Whisky festivals may be a microcosm for the general whisky landscape, but this one room represents a snapshot of what the future holds in terms of whisky innovation and diversity. These are just a handful of the producers working within or outwith the regulations to discover new ways to enhance whisky’s natural flavour. Nothing is forced here; the quality of the liquid is testament to the skill and creativity of these distillers and blenders.
Orange whisky: Amrut Naraangi uses a unique method of imbueing flavour into whisky without added ingredients
Speed Dating over, the whisky experts gather – unprompted – to sample each other’s bottles, speaking in excited tones about methods used, swapping ideas and nodding with passionate understanding. Around 30 years ago these guys wouldn’t have been allowed to talk to each other, their company’s processes and blenders’ skills kept strictly secret from the competition. Perhaps in a way, it’s this freedom to discuss and share ideas that have helped spur on the wave of innovation in whisky, not just in Scotland but also, to a greater extent, around the world.

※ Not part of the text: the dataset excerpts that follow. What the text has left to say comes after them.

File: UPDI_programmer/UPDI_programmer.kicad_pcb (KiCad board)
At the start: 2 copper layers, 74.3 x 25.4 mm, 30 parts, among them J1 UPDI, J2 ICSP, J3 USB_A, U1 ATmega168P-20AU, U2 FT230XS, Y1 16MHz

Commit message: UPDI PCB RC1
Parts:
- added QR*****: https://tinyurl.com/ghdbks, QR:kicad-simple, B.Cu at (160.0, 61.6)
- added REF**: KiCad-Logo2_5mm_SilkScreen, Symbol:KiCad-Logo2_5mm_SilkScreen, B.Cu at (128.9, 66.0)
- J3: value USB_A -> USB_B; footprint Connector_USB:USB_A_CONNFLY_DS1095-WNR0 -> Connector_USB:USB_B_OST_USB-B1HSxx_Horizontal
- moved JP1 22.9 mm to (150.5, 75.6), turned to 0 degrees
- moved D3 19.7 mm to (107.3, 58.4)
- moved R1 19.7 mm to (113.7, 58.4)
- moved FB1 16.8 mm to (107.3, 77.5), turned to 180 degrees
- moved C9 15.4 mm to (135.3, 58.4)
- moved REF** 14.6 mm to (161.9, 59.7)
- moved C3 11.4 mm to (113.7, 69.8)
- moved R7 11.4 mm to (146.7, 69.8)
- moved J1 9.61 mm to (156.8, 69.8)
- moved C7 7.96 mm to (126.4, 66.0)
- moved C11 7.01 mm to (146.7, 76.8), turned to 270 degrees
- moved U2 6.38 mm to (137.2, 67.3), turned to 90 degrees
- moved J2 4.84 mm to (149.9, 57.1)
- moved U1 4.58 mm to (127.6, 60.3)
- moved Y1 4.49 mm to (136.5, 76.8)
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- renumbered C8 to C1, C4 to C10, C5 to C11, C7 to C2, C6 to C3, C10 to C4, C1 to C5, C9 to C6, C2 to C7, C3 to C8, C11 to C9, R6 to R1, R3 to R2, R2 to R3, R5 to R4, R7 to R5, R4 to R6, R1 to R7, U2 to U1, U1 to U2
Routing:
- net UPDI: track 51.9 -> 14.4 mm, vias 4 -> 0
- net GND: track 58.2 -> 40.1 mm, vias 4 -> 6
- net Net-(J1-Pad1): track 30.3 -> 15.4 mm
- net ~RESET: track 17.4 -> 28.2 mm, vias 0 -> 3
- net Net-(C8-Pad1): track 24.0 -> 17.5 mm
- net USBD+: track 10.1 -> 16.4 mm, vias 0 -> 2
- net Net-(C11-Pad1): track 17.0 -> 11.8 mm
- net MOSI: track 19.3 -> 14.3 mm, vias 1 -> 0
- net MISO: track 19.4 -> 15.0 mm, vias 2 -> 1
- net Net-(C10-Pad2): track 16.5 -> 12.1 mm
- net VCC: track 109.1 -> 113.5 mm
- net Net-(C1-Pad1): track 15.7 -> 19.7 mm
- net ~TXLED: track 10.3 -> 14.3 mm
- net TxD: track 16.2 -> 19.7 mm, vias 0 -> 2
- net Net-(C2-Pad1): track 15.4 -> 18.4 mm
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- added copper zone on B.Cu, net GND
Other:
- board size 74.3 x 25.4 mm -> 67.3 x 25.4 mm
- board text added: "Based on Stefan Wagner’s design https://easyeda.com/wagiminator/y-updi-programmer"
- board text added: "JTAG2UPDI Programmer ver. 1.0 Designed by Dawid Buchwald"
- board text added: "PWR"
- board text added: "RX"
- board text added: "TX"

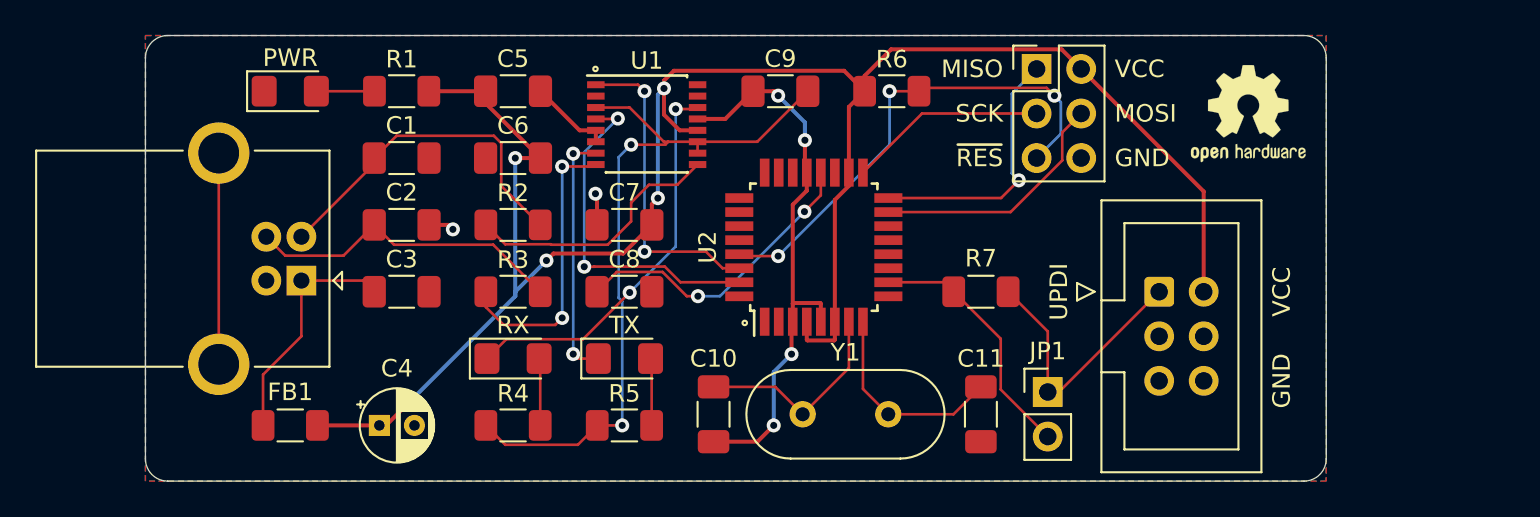
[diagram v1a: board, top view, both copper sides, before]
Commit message: Updated VIA params and changed UPDI resistor
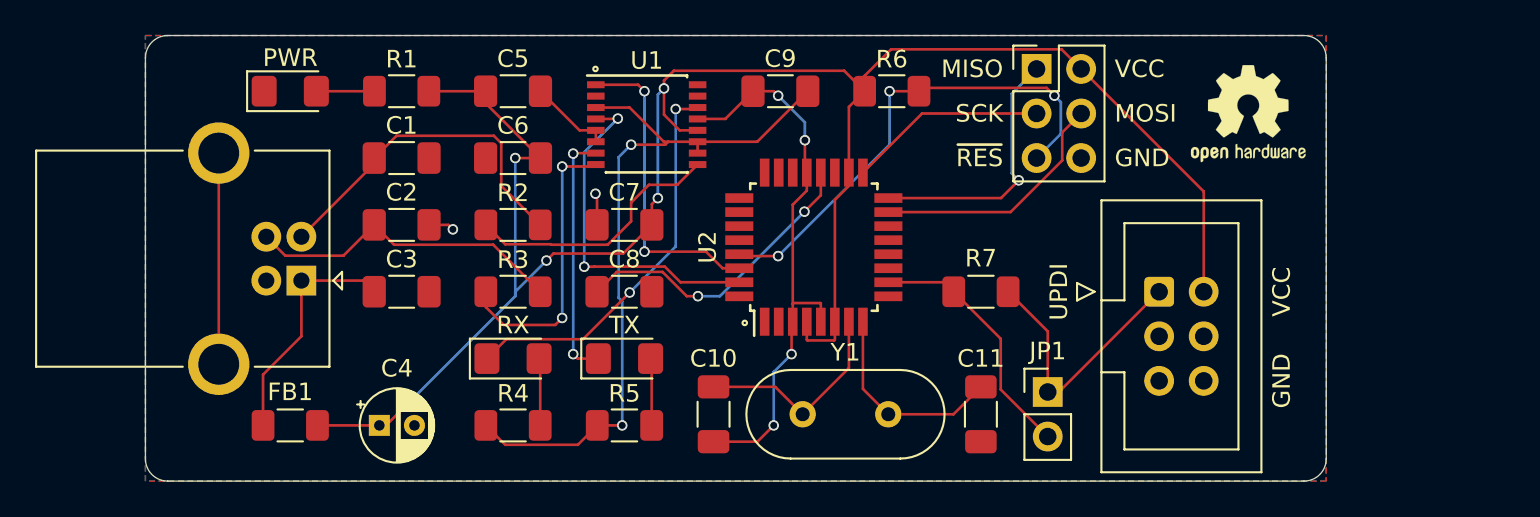
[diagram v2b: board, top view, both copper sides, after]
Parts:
- JP1: value UPDI_R4K7 -> UPDI_R470
- R7: value 4K7 -> 470
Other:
- net class Default: via_dia 0.8 -> 0.6
- net class PWR: via_dia 0.8 -> 0.6

Back on the exhibition floor are even further examples of innovation: Nikka’s Coffey Malt, Glenfiddich Winter Storm, a malt finished in Canadian icewine casks, the first English rye whisky, Norfolk Malt ‘N’ Rye (35% rye, 65% barley mash). Compass Box’s Glaser may be juggling several experiments at once, but if every forward-thinking producer across the world does the same, and continues to share knowledge, the next generation of whisky drinkers have a lot to be excited about.